(Items from a dataset)

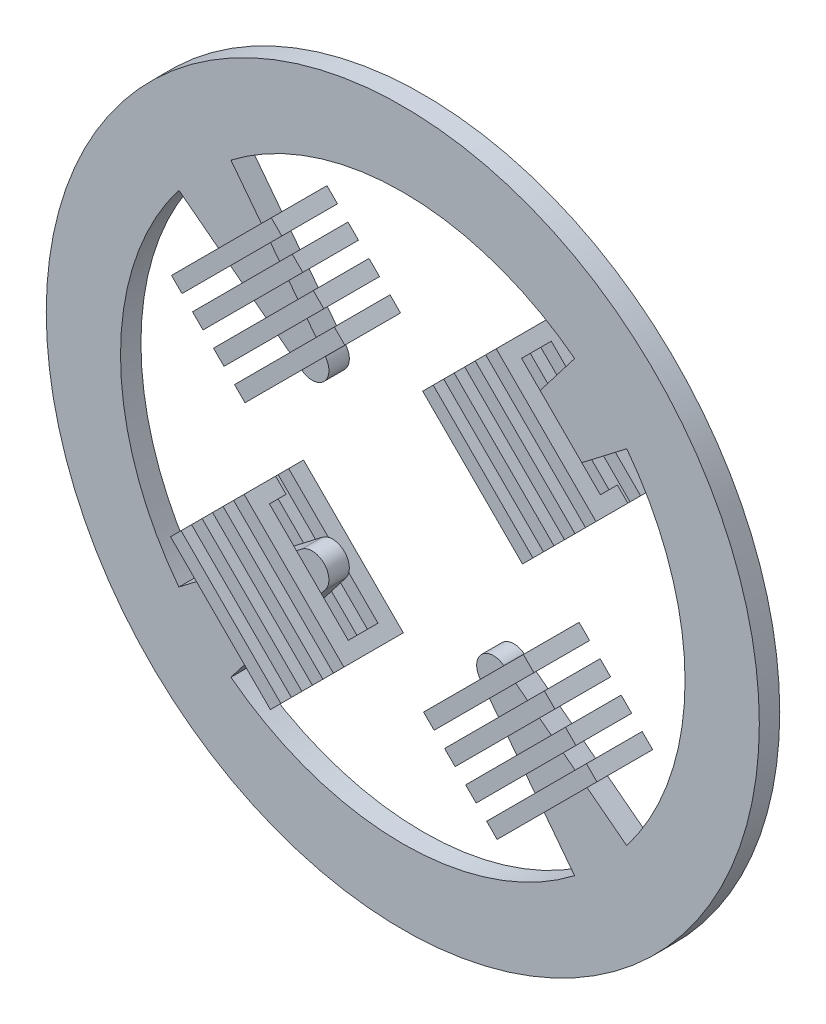
SolidWorks part; units mm, degrees
other "標示1"
sketch "草圖65"
ref_plane "前基準面" through (0, 0, 0) normal (0, 0, 1) x (1, 0, 0)
ref_plane "上基準面" through (0, 0, 0) normal (0, 1, 0) x (1, 0, 0)
ref_plane "右基準面" through (0, 0, 0) normal (1, 0, 0) x (0, 0, -1)
sketch "草圖1" plane through (0, 0, 0) normal (0, 0, 1) x (1, 0, 0)
  circle A0 centre (0, 0) radius 0.96
  circle A1 centre (0, 0) radius 0.76
extrude "填料-伸長1" add sketch "草圖1" along normal blind 0.055
sketch "草圖2" plane through (0, 0, 0.055) normal (0, 0, 1) x (1, 0, 0)
  line L0 (0, 0) -> (0, 1.565) construction
  line L1 (0, 0) -> (-1.8584, 0) construction
  line L2 (-0.0447, 0.3392) -> (-0.0992, 0.7535)
  line L3 (0.0447, 0.3392) -> (0.0992, 0.7535)
  line L4 (0.2714, 0.2082) -> (0.6029, 0.4627)
  line L5 (0.2082, 0.2714) -> (0.4627, 0.6029)
  line L6 (0.2082, -0.2714) -> (0.4627, -0.6029)
  line L7 (0.2714, -0.2082) -> (0.6029, -0.4627)
  line L8 (-0.2714, -0.2082) -> (-0.6029, -0.4627)
  line L9 (-0.2082, -0.2714) -> (-0.4627, -0.6029)
  line L10 (-0.2082, 0.2714) -> (-0.4627, 0.6029)
  line L11 (-0.2714, 0.2082) -> (-0.6029, 0.4627)
  circle A0 centre (0, 0) radius 0.3
  circle A1 centre (0, 0) radius 0.76 construction
  arc A3 (-0.0447, 0.3392) -> (0.0447, 0.3392) centre (0, 0.345) ccw
  arc A4 (0.0992, 0.7535) -> (-0.0992, 0.7535) centre (0, 0) ccw
  arc A5 (-0.76, 0) -> (0.76, 0) centre (0, 0) ccw
  arc A6 (0.6029, 0.4627) -> (0.4627, 0.6029) centre (0, 0) ccw
  arc A7 (0.2082, 0.2714) -> (0.2714, 0.2082) centre (0.244, 0.244) ccw
  arc A8 (0.4627, -0.6029) -> (0.6029, -0.4627) centre (0, 0) ccw
  arc A9 (0.2714, -0.2082) -> (0.2082, -0.2714) centre (0.244, -0.244) ccw
  arc A10 (-0.6029, -0.4627) -> (-0.4627, -0.6029) centre (0, 0) ccw
  arc A11 (-0.2082, -0.2714) -> (-0.2714, -0.2082) centre (-0.244, -0.244) ccw
  arc A12 (-0.4627, 0.6029) -> (-0.6029, 0.4627) centre (0, 0) ccw
  arc A13 (-0.2714, 0.2082) -> (-0.2082, 0.2714) centre (-0.244, 0.244) ccw
  point P23 (0, 0)
  point P34 (0, 0)
  point P41 (0, 0)
  circle M4 centre (0, 0) radius 0.76
  dimension "D1" = 7.5
  dimension "D3" = 2
  dimension "D4" = 4
  dimension "D2" = 7.5
extrude "填料-伸長2" add sketch "草圖2" against normal blind 0.055 contours L11 A13 L10 M4 | L5 A7 L4 M4 | L7 A9 L6 M4 | A11 L8 L9 M4
sketch "草圖7" plane through (0, 0, 0.055) normal (0, 0, 1) x (1, 0, 0)
  line L0 (0.2121, 0.2121) -> (0.2404, 0.2404) construction
  line L1 (0.2404, 0.2404) -> (0.2013, 0.2795) construction
  line L2 (0.2404, 0.2404) -> (0.5894, 0.5894) construction
  line L3 (0.0244, -0.0244) -> (-0.6648, 0.6648) construction
  line L4 (0.2404, -0.2404) -> (0.3328, -0.148)
  arc A0 (0.2082, 0.2714) -> (0.2714, 0.2082) centre (0.244, 0.244) ccw construction
  arc A1 (-0.2082, -0.2714) -> (-0.2714, -0.2082) centre (-0.244, -0.244) ccw construction
  arc A2 (-0.2714, 0.2082) -> (-0.2082, 0.2714) centre (-0.244, 0.244) ccw construction
  arc A3 (0.2714, -0.2082) -> (0.2082, -0.2714) centre (0.244, -0.244) ccw construction
  point P5 (0.297, 0.297)
  point P7 (-0.2121, -0.2121)
  point P8 (0.3536, 0.3536)
  point P9 (0.4101, 0.4101)
  point P12 (-0.2404, -0.2404)
  point P16 (-0.297, -0.297)
  point P17 (-0.3536, -0.3536)
  point P18 (-0.4101, -0.4101)
  point P20 (0.2404, -0.2404)
  point P23 (-0.2404, 0.2404)
  point P24 (-0.2121, 0.2121)
  point P25 (0.2121, -0.2121)
  point P29 (0.297, -0.297)
  point P33 (0.3536, -0.3536)
  point P34 (0.4101, -0.4101)
  point P35 (-0.297, 0.297)
  point P36 (-0.3536, 0.3536)
  point P37 (-0.4101, 0.4101)
  point P40 (0.4667, -0.4667)
  point P41 (0.5233, -0.5233)
  point P42 (0.4667, 0.4667)
  point P43 (0.5233, 0.5233)
  point P44 (-0.4667, 0.4667)
  point P45 (-0.5233, 0.5233)
  point P46 (-0.4667, -0.4667)
  point P47 (-0.5233, -0.5233)
  point P48 (0, 0)
  dimension "D1" = 0.08
  dimension "D2" = 0.08
  dimension "D3" = 0.08
  dimension "D4" = 0.04
  dimension "D5" = 0.04
  dimension "D6" = 0.08
  dimension "D7" = 0.08
  dimension "D8" = 0.08
  dimension "D9" = 0.04
  dimension "D10" = 0.04
  dimension "D11" = 0.08
  dimension "D12" = 0.08
  dimension "D13" = 0.08
  dimension "D14" = 0.08
  dimension "D15" = 0.08
  dimension "D16" = 0.08
  dimension "D17" = 0.08
  dimension "D18" = 0.08
  dimension "D19" = 0.08
  dimension "D20" = 0.08
  dimension "D21" = 0.08
  dimension "D22" = 0.08
  dimension "D23" = 0.08
  dimension "D24" = 0.08
ref_plane "平面5" through (0.2404, 0.2404, 0) normal (0.7071, 0.7071, 0) x (-0.7071, 0.7071, 0)
sketch "草圖11" plane through (0.2404, 0.2404, 0) normal (0.7071, 0.7071, 0) x (-0.7071, 0.7071, 0)
  line L0 (0, 0.055) -> (0, 0.1261) construction
  line L1 (-0.15, 0.0675) -> (0.15, 0.0675)
  line L2 (0.19, 0.1075) -> (-0.19, 0.1075)
  line L7 (-0.19, -0.0525) -> (0.19, -0.0525)
  line L17 (0.19, 0.1075) -> (0.19, -0.0525)
  line L18 (-0.19, 0.1075) -> (-0.19, -0.0525)
  line L19 (-0.15, -0.0125) -> (0.15, -0.0125)
  line L20 (-0.15, 0.0675) -> (-0.15, -0.0125)
  line L21 (0.15, 0.0675) -> (0.15, -0.0125)
  point P1 (0, 0.0275)
  point P2 (0, -0.0125)
  point P9 (0, 0.055)
  point P10 (0, -0.0525)
  point P11 (0, 0)
  point P13 (0, 0.1075)
  point P16 (0, -0.0525)
  point P19 (0, 0.0675)
  point P21 (0, 0.0675)
  point P22 (0, 0.1075)
  point P24 (0, -0.0125)
  dimension "D1" = 0.04
  dimension "D2" = 0.04
  dimension "D3" = 0.38
  dimension "D4" = 0.04
  dimension "D7" = 0.04
extrude "填料-伸長3" add sketch "草圖11" along normal blind 0.04 separate body
ref_plane "平面6" through (0.297, 0.297, 0) normal (0.7071, 0.7071, 0) x (0.7071, -0.7071, 0)
ref_plane "平面7" through (0.3536, 0.3536, 0) normal (0.7071, 0.7071, 0) x (0.7071, -0.7071, 0)
ref_plane "平面8" through (0.4101, 0.4101, 0) normal (0.7071, 0.7071, 0) x (0.7071, -0.7071, 0)
ref_plane "平面9" through (-0.2404, -0.2404, 0) normal (0.7071, 0.7071, 0) x (0.7071, -0.7071, 0)
ref_plane "平面10" through (-0.297, -0.297, 0) normal (0.7071, 0.7071, 0) x (0.7071, -0.7071, 0)
ref_plane "平面11" through (-0.3536, -0.3536, 0) normal (0.7071, 0.7071, 0) x (0.7071, -0.7071, 0)
ref_plane "平面12" through (-0.4101, -0.4101, 0) normal (0.7071, 0.7071, 0) x (0.7071, -0.7071, 0)
ref_plane "平面13" through (0.2404, -0.2404, 0) normal (0.7071, -0.7071, 0) x (0.7071, 0.7071, 0)
ref_plane "平面14" through (0.297, -0.297, 0) normal (0.7071, -0.7071, 0) x (0, 0, -1)
ref_plane "平面15" through (0.3536, -0.3536, 0) normal (0.7071, -0.7071, 0) x (0, 0, -1)
ref_plane "平面16" through (0.4101, -0.4101, 0) normal (0.7071, -0.7071, 0) x (0, 0, -1)
ref_plane "平面17" through (-0.2404, 0.2404, 0) normal (0.7071, -0.7071, 0) x (0, 0, -1)
ref_plane "平面18" through (-0.297, 0.297, 0) normal (0.7071, -0.7071, 0) x (0, 0, -1)
ref_plane "平面19" through (-0.3536, 0.3536, 0) normal (0.7071, -0.7071, 0) x (0, 0, -1)
ref_plane "平面20" through (-0.4101, 0.4101, 0) normal (0.7071, -0.7071, 0) x (0, 0, -1)
sketch "草圖60" plane through (0.2404, -0.2404, 0) normal (0.7071, -0.7071, 0) x (0.7071, 0.7071, 0)
sketch "草圖62" plane through (0.2404, -0.2404, 0) normal (0.7071, -0.7071, 0) x (0.7071, 0.7071, 0)
  line L0 (0, -0.0586) -> (0, 0.1686)
  line L2 (0.15, 0.065) -> (-0.15, 0.065)
  line L3 (-0.15, 0.065) -> (-0.15, -0.005)
  line L4 (-0.15, -0.005) -> (0.15, -0.005)
  line L5 (0.15, -0.005) -> (0.15, 0.065)
  line L6 (0.19, 0.105) -> (-0.19, 0.105)
  line L7 (-0.19, 0.105) -> (-0.19, -0.045)
  line L8 (-0.19, -0.045) -> (0.19, -0.045)
  line L9 (0.19, -0.045) -> (0.19, 0.105)
  point P0 (0, 0.065)
  point P4 (0, 0.055)
  point P5 (0, -0.005)
  point P8 (0, 0.105)
  point P11 (0, 0.065)
  point P14 (0, -0.045)
  point P18 (0, 0.105)
  dimension "D1" = 0.01
  dimension "D2" = 0.06
  dimension "D3" = 0.04
  dimension "D4" = 0.04
  dimension "D5" = 0.38
  dimension "D6" = 0.3
sketch "草圖64" plane through (0.297, -0.297, 0) normal (0.7071, -0.7071, 0) x (0, 0, -1)
  line L0 (0.045, 0.19) -> (-0.105, 0.19) construction
  line L1 (0.005, 0.15) -> (-0.065, 0.15) construction
  line L2 (0.045, -0.19) -> (0.045, 0.19) construction
  line L3 (0.005, -0.15) -> (0.005, 0.15) construction
  line L4 (-0.065, -0.15) -> (0.005, -0.15) construction
  line L5 (-0.065, 0.15) -> (-0.065, -0.15) construction
  line L6 (-0.105, -0.19) -> (0.045, -0.19) construction
  line L7 (-0.105, 0.19) -> (-0.105, -0.19) construction
  line L8 (0.045, 0.19) -> (-0.105, 0.19)
  line L9 (0.005, 0.15) -> (-0.065, 0.15)
  line L10 (0.045, -0.19) -> (0.045, 0.19)
  line L11 (0.005, -0.15) -> (0.005, 0.15)
  line L12 (-0.065, -0.15) -> (0.005, -0.15)
  line L13 (-0.065, 0.15) -> (-0.065, -0.15)
  line L14 (-0.105, -0.19) -> (0.045, -0.19)
  line L15 (-0.105, 0.19) -> (-0.105, -0.19)
sketch "草圖68" plane through (0.3536, -0.3536, 0) normal (0.7071, -0.7071, 0) x (0, 0, -1)
  line L0 (-0.105, -0.19) -> (0.045, -0.19) construction
  line L1 (-0.065, -0.15) -> (0.005, -0.15) construction
  line L2 (0.005, -0.15) -> (0.005, 0.15) construction
  line L3 (-0.065, 0.15) -> (-0.065, -0.15) construction
  line L4 (0.005, 0.15) -> (-0.065, 0.15) construction
  line L5 (0.045, -0.19) -> (0.045, 0.19) construction
  line L6 (0.045, 0.19) -> (-0.105, 0.19) construction
  line L7 (-0.105, 0.19) -> (-0.105, -0.19) construction
  line L8 (-0.105, -0.19) -> (0.045, -0.19)
  line L9 (-0.065, -0.15) -> (0.005, -0.15)
  line L10 (0.005, -0.15) -> (0.005, 0.15)
  line L11 (-0.065, 0.15) -> (-0.065, -0.15)
  line L12 (0.005, 0.15) -> (-0.065, 0.15)
  line L13 (0.045, -0.19) -> (0.045, 0.19)
  line L14 (0.045, 0.19) -> (-0.105, 0.19)
  line L15 (-0.105, 0.19) -> (-0.105, -0.19)
sketch "草圖69" plane through (0.4101, -0.4101, 0) normal (0.7071, -0.7071, 0) x (0, 0, -1)
  line L0 (0.045, -0.19) -> (0.045, 0.19) construction
  line L1 (0.045, 0.19) -> (-0.105, 0.19) construction
  line L2 (-0.105, 0.19) -> (-0.105, -0.19) construction
  line L3 (-0.105, -0.19) -> (0.045, -0.19) construction
  line L4 (-0.065, -0.15) -> (0.005, -0.15) construction
  line L5 (0.005, -0.15) -> (0.005, 0.15) construction
  line L6 (-0.065, 0.15) -> (-0.065, -0.15) construction
  line L7 (0.005, 0.15) -> (-0.065, 0.15) construction
  line L8 (0.045, -0.19) -> (0.045, 0.19)
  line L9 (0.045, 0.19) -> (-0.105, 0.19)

#### [About this exercise]
Scan the data above, find each line with "radius", and copy it.

#### [Your solution]
  circle A0 centre (0, 0) radius 0.96
  circle A1 centre (0, 0) radius 0.76
  circle A0 centre (0, 0) radius 0.3
  circle A1 centre (0, 0) radius 0.76 construction
  circle M4 centre (0, 0) radius 0.76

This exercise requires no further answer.